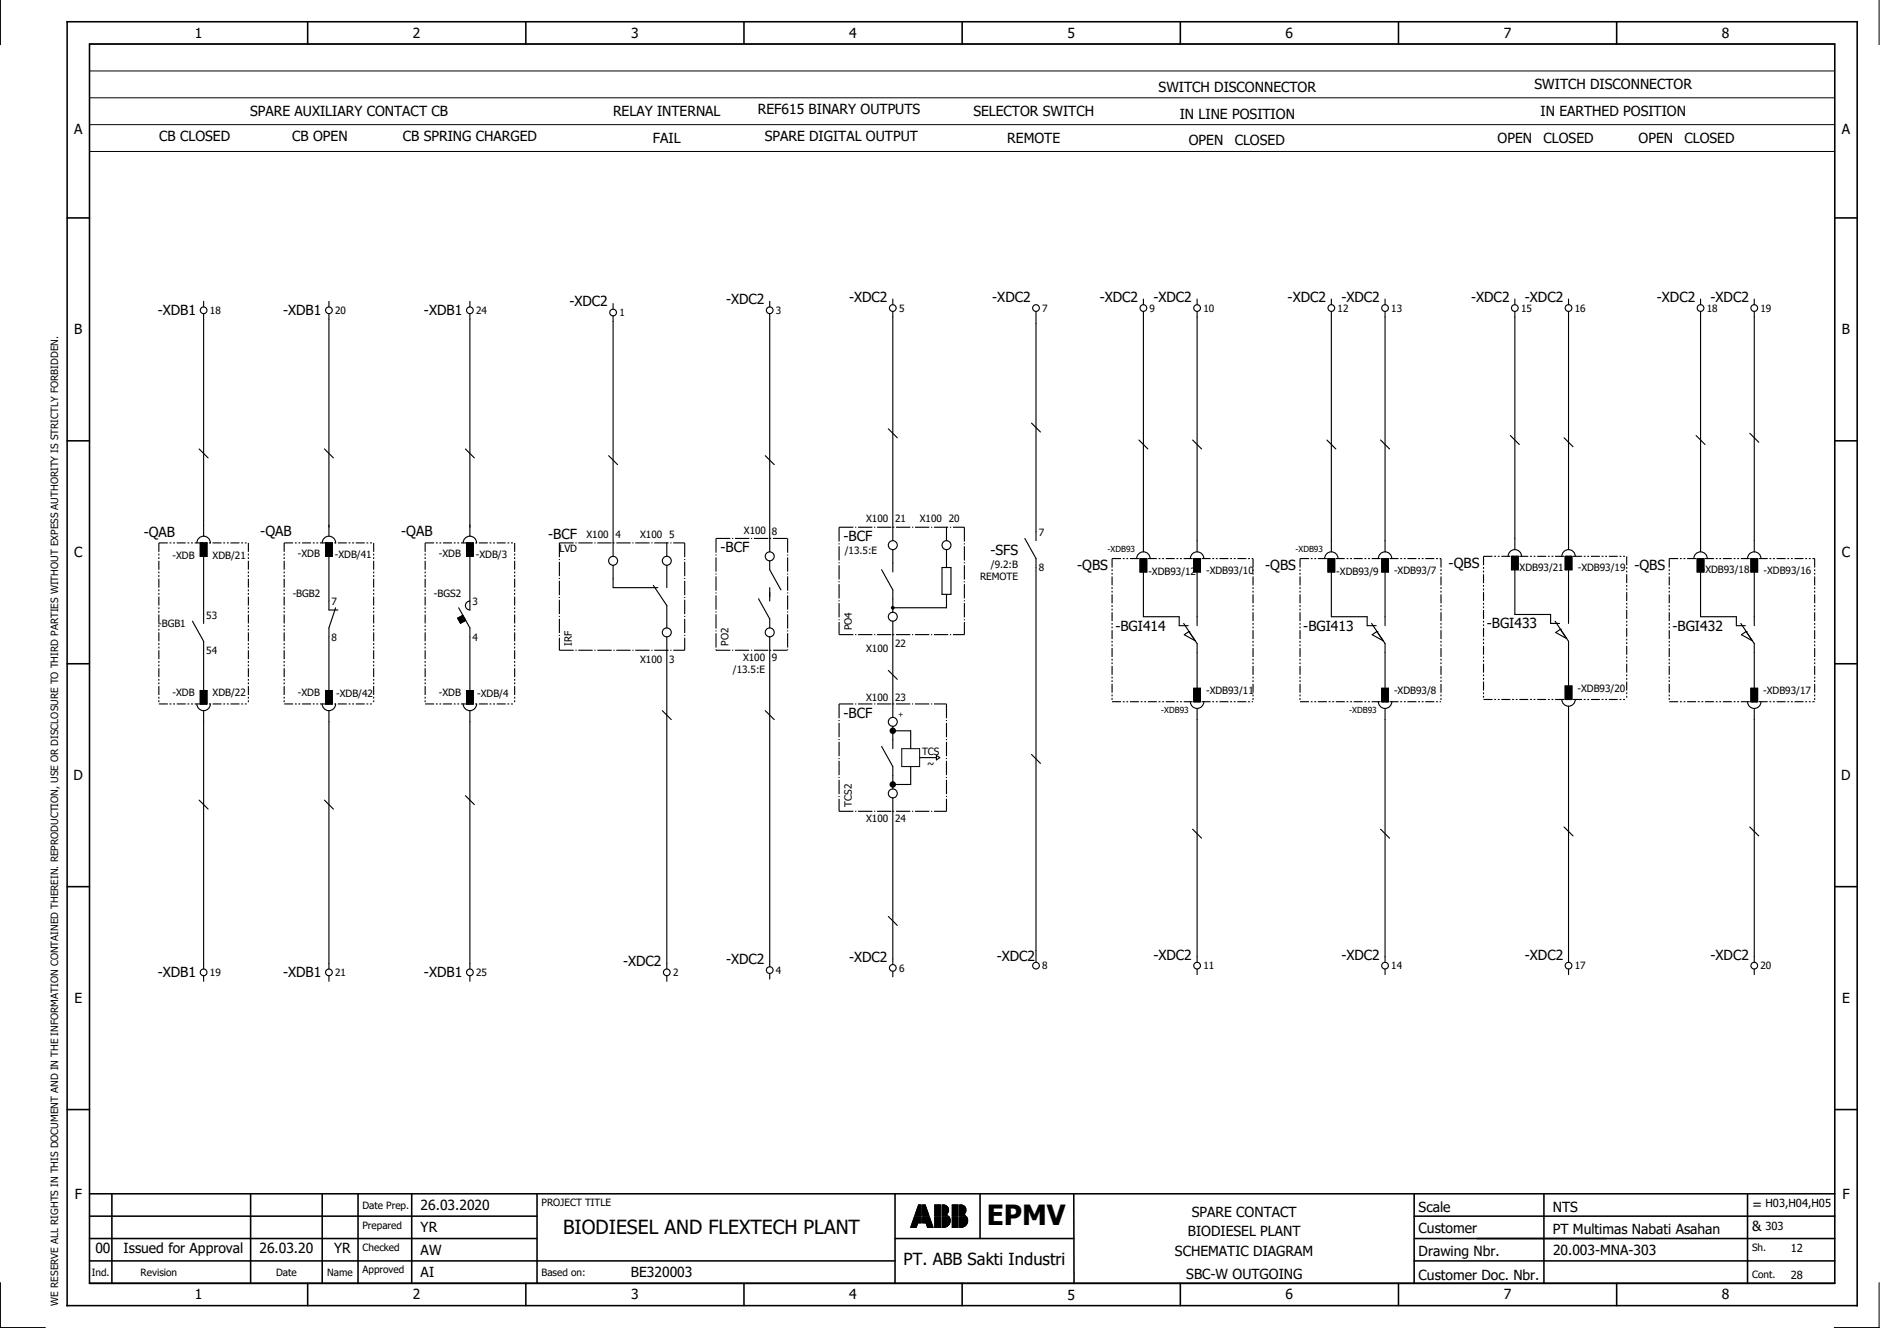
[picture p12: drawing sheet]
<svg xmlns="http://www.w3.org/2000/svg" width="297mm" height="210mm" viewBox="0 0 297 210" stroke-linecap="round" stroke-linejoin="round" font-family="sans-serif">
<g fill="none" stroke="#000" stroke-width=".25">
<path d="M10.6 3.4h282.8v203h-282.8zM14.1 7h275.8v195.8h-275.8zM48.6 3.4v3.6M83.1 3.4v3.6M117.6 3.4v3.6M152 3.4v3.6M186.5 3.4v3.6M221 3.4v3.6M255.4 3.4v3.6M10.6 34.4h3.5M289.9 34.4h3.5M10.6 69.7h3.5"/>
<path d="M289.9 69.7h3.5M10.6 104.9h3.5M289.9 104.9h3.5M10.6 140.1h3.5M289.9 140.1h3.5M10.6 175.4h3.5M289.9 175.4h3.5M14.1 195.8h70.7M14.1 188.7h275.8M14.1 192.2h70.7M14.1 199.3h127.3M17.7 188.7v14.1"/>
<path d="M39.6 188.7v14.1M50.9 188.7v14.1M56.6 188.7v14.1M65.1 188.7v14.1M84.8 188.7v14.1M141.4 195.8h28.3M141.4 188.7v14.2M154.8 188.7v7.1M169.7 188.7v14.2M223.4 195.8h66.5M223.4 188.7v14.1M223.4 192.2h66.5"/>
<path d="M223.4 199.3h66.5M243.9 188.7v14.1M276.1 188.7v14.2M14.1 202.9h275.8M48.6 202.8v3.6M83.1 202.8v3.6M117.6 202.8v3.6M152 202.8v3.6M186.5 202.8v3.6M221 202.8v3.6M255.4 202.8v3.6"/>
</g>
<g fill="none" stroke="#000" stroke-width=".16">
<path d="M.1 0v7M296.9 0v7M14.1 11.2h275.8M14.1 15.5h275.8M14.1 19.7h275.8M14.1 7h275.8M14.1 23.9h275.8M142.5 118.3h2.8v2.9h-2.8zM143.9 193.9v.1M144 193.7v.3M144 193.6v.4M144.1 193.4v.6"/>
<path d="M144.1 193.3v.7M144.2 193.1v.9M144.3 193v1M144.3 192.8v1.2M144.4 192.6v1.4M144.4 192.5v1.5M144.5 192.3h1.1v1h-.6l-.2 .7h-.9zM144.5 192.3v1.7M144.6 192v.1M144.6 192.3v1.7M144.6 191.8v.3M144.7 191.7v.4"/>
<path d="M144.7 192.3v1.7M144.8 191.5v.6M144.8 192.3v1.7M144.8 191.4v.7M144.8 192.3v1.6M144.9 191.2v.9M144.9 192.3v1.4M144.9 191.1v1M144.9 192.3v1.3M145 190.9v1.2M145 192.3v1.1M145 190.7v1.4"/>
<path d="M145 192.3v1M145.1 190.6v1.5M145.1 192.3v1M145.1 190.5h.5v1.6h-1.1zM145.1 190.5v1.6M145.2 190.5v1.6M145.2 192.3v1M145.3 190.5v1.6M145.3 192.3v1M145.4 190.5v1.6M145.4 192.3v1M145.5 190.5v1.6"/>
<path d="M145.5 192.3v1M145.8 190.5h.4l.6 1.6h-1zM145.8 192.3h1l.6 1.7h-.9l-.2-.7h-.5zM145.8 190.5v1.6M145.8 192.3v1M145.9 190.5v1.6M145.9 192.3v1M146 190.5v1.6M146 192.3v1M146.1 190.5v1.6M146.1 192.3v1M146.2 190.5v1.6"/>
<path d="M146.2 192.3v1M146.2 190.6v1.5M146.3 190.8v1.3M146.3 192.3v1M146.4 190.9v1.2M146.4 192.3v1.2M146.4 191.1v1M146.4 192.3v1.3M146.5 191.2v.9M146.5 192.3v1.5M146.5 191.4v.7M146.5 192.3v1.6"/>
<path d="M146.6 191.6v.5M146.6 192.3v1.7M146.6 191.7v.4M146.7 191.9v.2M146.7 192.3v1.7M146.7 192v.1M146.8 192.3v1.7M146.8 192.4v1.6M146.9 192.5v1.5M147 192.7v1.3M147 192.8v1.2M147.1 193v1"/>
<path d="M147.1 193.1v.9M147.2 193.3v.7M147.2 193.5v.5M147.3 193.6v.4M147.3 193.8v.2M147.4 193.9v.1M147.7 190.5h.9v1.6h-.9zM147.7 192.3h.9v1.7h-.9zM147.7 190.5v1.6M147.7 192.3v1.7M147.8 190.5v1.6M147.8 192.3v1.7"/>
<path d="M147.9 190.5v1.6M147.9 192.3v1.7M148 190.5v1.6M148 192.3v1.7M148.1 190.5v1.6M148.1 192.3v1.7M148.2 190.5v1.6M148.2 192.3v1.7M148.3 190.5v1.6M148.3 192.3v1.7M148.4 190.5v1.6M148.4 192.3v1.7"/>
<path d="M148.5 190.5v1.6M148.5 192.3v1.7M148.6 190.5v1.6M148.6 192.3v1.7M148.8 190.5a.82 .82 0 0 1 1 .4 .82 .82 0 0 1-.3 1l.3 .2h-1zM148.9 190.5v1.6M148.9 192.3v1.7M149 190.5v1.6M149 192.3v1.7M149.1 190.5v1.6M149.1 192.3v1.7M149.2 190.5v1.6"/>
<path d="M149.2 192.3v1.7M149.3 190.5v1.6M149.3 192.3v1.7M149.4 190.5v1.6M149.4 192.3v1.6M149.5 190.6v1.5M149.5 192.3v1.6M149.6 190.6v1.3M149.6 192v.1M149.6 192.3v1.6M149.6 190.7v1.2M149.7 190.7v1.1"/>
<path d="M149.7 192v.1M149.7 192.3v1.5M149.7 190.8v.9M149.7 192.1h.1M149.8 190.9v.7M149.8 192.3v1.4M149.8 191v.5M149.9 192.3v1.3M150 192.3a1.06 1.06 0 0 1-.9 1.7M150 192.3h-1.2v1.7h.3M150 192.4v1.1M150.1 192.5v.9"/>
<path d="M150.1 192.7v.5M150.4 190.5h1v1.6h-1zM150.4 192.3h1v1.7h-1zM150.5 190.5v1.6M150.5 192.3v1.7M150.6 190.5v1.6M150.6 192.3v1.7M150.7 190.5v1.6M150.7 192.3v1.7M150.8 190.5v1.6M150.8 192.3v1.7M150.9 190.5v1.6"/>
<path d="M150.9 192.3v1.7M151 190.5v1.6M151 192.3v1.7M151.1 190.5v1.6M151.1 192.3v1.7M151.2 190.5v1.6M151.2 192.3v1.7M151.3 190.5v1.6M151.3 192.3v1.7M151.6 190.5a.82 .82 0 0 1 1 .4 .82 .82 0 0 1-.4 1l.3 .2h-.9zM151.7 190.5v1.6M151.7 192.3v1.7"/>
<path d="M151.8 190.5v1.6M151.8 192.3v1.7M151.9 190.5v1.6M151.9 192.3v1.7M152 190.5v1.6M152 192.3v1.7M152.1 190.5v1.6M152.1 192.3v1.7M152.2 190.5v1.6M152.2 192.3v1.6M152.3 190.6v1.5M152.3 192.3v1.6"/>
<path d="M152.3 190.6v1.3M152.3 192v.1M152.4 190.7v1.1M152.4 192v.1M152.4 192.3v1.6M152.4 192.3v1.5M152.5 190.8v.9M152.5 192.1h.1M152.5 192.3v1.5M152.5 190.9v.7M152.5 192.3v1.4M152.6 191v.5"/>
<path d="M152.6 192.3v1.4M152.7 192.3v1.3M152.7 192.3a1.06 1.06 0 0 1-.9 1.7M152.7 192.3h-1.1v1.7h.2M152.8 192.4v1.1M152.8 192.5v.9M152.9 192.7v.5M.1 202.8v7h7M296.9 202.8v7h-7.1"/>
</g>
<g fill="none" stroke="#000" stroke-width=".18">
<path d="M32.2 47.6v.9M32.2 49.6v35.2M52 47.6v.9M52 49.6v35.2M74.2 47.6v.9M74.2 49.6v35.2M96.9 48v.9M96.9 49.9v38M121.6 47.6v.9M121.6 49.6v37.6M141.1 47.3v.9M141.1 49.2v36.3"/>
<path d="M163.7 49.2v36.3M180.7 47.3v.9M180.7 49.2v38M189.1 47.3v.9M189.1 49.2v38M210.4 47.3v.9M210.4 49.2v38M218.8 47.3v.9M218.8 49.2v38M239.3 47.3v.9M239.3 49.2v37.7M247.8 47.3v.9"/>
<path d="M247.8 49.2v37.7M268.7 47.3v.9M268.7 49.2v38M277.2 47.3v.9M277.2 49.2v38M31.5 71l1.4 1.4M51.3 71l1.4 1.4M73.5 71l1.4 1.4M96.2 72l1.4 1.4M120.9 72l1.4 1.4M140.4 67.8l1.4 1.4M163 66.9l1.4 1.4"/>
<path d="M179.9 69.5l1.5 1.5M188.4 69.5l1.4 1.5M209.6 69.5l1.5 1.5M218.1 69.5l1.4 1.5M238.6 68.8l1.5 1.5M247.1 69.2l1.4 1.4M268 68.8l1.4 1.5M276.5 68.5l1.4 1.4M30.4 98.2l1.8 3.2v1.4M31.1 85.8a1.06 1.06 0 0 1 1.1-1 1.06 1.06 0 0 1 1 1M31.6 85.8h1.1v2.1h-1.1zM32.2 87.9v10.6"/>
------
_WORK TASK_
Every line from the one containing "190.6v1.3M152.3 192v.1M152.4 190.7v1.1M152.4" through the last line of the entries above must be output exactly. Leave the rest out.

_EXERCISE RESULT_
<path d="M152.3 190.6v1.3M152.3 192v.1M152.4 190.7v1.1M152.4 192v.1M152.4 192.3v1.6M152.4 192.3v1.5M152.5 190.8v.9M152.5 192.1h.1M152.5 192.3v1.5M152.5 190.9v.7M152.5 192.3v1.4M152.6 191v.5"/>
<path d="M152.6 192.3v1.4M152.7 192.3v1.3M152.7 192.3a1.06 1.06 0 0 1-.9 1.7M152.7 192.3h-1.1v1.7h.2M152.8 192.4v1.1M152.8 192.5v.9M152.9 192.7v.5M.1 202.8v7h7M296.9 202.8v7h-7.1"/>
</g>
<g fill="none" stroke="#000" stroke-width=".18">
<path d="M32.2 47.6v.9M32.2 49.6v35.2M52 47.6v.9M52 49.6v35.2M74.2 47.6v.9M74.2 49.6v35.2M96.9 48v.9M96.9 49.9v38M121.6 47.6v.9M121.6 49.6v37.6M141.1 47.3v.9M141.1 49.2v36.3"/>
<path d="M163.7 49.2v36.3M180.7 47.3v.9M180.7 49.2v38M189.1 47.3v.9M189.1 49.2v38M210.4 47.3v.9M210.4 49.2v38M218.8 47.3v.9M218.8 49.2v38M239.3 47.3v.9M239.3 49.2v37.7M247.8 47.3v.9"/>
<path d="M247.8 49.2v37.7M268.7 47.3v.9M268.7 49.2v38M277.2 47.3v.9M277.2 49.2v38M31.5 71l1.4 1.4M51.3 71l1.4 1.4M73.5 71l1.4 1.4M96.2 72l1.4 1.4M120.9 72l1.4 1.4M140.4 67.8l1.4 1.4M163 66.9l1.4 1.4"/>
<path d="M179.9 69.5l1.5 1.5M188.4 69.5l1.4 1.5M209.6 69.5l1.5 1.5M218.1 69.5l1.4 1.5M238.6 68.8l1.5 1.5M247.1 69.2l1.4 1.4M268 68.8l1.4 1.5M276.5 68.5l1.4 1.4M30.4 98.2l1.8 3.2v1.4M31.1 85.8a1.06 1.06 0 0 1 1.1-1 1.06 1.06 0 0 1 1 1M31.6 85.8h1.1v2.1h-1.1zM32.2 87.9v10.6"/>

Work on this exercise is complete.